# fuel mix? homelite super xl



## campazzada (Apr 27, 2012)

does anybody know what the ratio is for a homelite super xl ?? I've seen 16:1 , 32:1 . all my stihls and huskys are 50:1 Thanks


----------



## Dan_IN_MN (Apr 27, 2012)

It can drink the same stuff you feed all of the rest of your saws. The oil today is much better.

Welcome to AS!


----------



## dingeryote (Apr 27, 2012)

Ours runs on 50:1 like every other 2 cycle around here.

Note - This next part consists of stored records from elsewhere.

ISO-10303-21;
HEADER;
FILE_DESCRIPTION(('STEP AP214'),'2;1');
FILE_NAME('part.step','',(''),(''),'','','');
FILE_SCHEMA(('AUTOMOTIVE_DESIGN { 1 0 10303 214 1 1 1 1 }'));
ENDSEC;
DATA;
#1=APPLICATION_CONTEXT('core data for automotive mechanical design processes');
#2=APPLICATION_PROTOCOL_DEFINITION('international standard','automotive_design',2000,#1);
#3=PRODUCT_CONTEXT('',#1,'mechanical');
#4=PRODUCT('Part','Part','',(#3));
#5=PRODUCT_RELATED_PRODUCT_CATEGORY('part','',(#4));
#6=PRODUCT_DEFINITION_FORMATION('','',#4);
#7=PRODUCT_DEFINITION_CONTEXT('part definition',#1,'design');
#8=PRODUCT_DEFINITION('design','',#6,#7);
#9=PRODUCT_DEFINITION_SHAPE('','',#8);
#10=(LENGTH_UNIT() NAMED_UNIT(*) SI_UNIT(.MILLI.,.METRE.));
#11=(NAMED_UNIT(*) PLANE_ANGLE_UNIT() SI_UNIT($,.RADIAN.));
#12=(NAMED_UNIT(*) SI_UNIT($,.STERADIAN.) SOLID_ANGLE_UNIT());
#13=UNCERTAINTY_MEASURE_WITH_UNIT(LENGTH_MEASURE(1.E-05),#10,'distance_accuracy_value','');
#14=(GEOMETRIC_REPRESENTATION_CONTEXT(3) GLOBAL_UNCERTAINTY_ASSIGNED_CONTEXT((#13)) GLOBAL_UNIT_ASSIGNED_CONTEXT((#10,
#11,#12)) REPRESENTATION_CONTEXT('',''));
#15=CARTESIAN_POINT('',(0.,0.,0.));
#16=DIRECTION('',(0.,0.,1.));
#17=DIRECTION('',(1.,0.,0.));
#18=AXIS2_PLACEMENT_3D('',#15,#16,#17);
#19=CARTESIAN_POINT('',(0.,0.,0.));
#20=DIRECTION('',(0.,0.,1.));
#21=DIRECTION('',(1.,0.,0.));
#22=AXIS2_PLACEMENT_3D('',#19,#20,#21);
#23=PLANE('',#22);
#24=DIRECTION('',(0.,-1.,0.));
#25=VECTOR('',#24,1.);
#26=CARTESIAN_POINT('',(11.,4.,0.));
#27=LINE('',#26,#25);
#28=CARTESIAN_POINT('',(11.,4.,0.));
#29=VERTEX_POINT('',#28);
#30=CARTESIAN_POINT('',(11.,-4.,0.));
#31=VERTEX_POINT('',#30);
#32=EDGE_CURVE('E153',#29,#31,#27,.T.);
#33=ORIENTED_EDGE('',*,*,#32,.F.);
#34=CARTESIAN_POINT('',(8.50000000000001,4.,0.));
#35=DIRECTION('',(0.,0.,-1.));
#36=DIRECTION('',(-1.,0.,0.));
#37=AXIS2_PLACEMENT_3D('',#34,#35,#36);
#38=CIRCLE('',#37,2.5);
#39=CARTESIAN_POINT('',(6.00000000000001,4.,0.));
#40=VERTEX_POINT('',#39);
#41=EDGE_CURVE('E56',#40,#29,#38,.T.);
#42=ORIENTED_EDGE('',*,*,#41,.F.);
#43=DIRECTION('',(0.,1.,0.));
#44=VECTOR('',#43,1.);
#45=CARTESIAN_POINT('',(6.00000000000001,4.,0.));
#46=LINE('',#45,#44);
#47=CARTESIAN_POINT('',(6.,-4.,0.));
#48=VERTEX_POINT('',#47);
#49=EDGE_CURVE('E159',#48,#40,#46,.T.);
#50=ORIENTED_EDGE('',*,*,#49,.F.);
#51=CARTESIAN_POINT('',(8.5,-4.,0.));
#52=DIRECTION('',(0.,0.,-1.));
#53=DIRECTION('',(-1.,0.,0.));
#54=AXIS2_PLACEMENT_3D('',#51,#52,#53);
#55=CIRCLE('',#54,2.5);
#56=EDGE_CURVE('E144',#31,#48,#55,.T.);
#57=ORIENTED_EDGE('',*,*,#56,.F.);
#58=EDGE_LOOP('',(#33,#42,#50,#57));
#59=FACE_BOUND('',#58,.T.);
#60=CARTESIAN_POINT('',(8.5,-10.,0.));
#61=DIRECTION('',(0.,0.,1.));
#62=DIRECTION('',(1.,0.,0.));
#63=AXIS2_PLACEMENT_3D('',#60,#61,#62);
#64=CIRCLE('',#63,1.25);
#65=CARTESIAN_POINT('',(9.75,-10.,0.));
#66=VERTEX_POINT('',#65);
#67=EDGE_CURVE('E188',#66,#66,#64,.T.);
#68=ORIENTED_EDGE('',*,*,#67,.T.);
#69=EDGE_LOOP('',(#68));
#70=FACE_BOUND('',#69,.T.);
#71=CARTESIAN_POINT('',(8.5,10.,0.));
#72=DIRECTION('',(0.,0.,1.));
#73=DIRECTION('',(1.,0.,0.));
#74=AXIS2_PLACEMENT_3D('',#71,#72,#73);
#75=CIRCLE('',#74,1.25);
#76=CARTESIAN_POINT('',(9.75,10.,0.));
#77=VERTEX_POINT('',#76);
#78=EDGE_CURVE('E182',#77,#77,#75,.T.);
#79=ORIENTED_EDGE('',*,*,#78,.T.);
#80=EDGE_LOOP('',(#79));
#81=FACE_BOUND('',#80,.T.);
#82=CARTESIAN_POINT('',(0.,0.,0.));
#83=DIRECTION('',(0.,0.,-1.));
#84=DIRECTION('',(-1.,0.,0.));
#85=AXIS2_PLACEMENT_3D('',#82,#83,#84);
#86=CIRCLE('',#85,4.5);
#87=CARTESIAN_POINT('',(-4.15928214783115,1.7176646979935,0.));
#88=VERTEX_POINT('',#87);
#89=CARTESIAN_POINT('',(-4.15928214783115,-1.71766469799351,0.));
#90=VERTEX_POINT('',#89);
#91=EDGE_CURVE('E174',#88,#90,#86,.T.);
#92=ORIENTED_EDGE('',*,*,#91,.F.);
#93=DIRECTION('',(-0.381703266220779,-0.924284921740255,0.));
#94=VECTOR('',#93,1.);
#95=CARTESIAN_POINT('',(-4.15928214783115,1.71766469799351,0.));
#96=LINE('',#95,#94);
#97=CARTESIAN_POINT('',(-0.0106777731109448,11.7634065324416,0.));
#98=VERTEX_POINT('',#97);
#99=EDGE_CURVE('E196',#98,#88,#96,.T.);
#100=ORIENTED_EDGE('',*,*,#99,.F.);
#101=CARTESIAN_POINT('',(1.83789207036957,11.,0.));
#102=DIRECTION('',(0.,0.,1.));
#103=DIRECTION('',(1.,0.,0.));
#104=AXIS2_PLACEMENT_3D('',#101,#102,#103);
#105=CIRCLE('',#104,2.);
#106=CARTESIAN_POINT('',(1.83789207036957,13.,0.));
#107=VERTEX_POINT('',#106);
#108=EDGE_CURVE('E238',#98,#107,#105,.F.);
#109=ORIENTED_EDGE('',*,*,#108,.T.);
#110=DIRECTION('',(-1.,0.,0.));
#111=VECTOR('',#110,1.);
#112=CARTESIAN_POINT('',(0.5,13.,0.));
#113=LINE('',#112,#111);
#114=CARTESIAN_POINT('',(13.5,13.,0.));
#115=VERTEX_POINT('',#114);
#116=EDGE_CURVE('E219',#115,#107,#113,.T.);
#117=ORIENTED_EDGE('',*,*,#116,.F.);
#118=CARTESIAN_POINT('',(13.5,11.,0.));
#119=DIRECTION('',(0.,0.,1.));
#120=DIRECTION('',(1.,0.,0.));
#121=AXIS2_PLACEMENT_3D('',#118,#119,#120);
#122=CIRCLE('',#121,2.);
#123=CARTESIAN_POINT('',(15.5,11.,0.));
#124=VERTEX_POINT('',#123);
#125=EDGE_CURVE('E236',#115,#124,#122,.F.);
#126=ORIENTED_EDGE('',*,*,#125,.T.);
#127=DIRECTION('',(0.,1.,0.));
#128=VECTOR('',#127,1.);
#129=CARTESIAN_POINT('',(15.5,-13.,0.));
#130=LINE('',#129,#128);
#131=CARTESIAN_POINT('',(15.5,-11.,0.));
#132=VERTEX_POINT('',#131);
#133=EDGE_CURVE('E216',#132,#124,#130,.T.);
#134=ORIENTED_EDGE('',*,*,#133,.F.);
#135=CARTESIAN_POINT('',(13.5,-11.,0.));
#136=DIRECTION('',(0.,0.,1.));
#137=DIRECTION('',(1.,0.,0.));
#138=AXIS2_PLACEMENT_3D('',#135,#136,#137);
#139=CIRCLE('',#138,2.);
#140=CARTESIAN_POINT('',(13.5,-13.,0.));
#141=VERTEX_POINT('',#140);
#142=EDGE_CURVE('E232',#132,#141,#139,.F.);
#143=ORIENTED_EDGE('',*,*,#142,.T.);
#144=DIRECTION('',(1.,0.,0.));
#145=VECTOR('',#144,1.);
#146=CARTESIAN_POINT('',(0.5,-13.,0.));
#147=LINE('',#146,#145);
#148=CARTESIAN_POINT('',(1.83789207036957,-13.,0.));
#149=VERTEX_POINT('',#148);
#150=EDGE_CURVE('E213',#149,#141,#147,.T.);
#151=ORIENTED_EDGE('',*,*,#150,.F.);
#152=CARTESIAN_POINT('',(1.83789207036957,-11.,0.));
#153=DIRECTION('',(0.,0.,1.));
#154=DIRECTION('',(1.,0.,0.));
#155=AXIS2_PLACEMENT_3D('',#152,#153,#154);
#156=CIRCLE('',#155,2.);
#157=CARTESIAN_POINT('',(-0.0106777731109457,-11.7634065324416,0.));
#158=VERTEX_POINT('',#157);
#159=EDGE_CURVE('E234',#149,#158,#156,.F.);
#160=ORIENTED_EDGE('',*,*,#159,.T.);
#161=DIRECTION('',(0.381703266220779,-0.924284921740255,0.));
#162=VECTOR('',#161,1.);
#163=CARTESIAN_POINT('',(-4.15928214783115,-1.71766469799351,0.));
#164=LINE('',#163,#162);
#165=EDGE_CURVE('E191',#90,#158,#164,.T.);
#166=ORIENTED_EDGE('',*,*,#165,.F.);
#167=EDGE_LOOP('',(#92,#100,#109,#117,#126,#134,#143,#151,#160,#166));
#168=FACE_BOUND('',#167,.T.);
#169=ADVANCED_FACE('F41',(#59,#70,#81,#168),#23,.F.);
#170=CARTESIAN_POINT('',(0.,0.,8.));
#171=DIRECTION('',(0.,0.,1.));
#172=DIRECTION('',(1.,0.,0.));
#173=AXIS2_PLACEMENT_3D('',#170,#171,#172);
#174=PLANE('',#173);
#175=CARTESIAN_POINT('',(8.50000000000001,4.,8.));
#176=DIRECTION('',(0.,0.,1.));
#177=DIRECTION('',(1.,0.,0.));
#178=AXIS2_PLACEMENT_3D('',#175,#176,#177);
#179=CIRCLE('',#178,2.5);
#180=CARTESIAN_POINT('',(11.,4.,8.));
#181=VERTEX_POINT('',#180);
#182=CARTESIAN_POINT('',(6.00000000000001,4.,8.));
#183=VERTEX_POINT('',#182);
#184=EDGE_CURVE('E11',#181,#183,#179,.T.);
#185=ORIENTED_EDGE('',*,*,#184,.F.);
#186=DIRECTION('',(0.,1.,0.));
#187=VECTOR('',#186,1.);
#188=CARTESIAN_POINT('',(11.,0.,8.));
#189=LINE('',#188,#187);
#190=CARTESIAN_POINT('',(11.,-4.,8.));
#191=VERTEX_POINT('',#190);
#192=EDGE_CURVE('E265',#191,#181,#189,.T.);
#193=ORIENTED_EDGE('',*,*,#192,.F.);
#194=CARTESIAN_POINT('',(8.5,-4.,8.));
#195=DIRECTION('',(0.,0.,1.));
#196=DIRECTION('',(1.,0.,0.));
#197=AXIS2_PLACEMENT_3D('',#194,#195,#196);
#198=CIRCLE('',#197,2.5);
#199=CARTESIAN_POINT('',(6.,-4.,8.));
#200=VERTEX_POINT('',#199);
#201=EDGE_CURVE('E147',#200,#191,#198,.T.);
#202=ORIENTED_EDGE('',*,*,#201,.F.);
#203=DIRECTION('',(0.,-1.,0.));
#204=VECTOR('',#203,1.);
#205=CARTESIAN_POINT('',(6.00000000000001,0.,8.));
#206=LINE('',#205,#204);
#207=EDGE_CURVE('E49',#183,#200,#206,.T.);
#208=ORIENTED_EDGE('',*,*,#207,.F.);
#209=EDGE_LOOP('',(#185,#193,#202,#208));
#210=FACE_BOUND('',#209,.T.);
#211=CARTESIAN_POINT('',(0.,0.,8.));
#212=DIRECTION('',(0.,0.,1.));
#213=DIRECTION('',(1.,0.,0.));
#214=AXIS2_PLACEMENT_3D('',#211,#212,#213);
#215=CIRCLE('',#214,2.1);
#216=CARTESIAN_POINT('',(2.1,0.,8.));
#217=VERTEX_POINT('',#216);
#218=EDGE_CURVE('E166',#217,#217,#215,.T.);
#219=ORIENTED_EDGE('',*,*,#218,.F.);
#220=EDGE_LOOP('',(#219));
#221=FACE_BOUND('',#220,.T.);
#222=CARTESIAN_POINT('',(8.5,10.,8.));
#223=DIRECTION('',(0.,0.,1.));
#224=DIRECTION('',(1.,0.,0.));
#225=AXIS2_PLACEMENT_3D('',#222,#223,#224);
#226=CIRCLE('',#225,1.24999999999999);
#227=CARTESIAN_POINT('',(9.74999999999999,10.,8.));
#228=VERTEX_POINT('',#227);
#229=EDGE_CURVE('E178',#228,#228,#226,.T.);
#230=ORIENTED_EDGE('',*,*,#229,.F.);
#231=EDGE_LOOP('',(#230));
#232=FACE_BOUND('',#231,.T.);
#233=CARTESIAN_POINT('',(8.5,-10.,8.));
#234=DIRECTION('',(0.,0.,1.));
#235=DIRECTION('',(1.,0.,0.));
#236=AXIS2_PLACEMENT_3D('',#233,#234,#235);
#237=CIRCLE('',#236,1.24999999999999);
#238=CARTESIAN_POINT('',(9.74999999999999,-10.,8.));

Many hobbies nailed it. No need for glopping rich oil mixes, to get the same or better protection from modern 2 cycle oils.

Stay safe!
Dingeryote


----------



## carym2a (Apr 27, 2012)

I still run 32:1 in mine, even with the stihl or husq mix oils , and 92oct non-alky gas, alittle smoke don't hurt , but thats just me


----------



## D&B Mack (Apr 27, 2012)

50:1 w/ Stihl synthetic and haven't had an issue.


----------



## CTYank (Apr 27, 2012)

carym2a said:


> I still run 32:1 in mine, even with the stihl or husq mix oils , and 92oct non-alky gas, alittle smoke don't hurt , but thats just me



In fact, a little smoke do hurt. You might not notice it happening. That smoke contains some super-nasties. :eek2:


----------



## Eccentric (Apr 27, 2012)

With good oil, your Homelite can indeed live just fine on the same fuel as your other saws. Much more important is making sure you haven't tuned it too lean. See my siggy.....


----------



## jus2fat (Apr 27, 2012)

And you're also planting a ton of carbon on your piston top.

Just DON"T do it..!!

50:1 of any modern synthetic mix will do you fine..!!

J2F


----------



## campazzada (Apr 27, 2012)

Thanks to all who responded . I appriciate your input and response , Thanks . Glad I joined this forum .....


----------



## dh1984 (Apr 27, 2012)

carym2a said:


> I still run 32:1 in mine, even with the stihl or husq mix oils , and 92oct non-alky gas, alittle smoke don't hurt , but thats just me



LOL atleast you don't have to worry about the skeeters eat at you while running it.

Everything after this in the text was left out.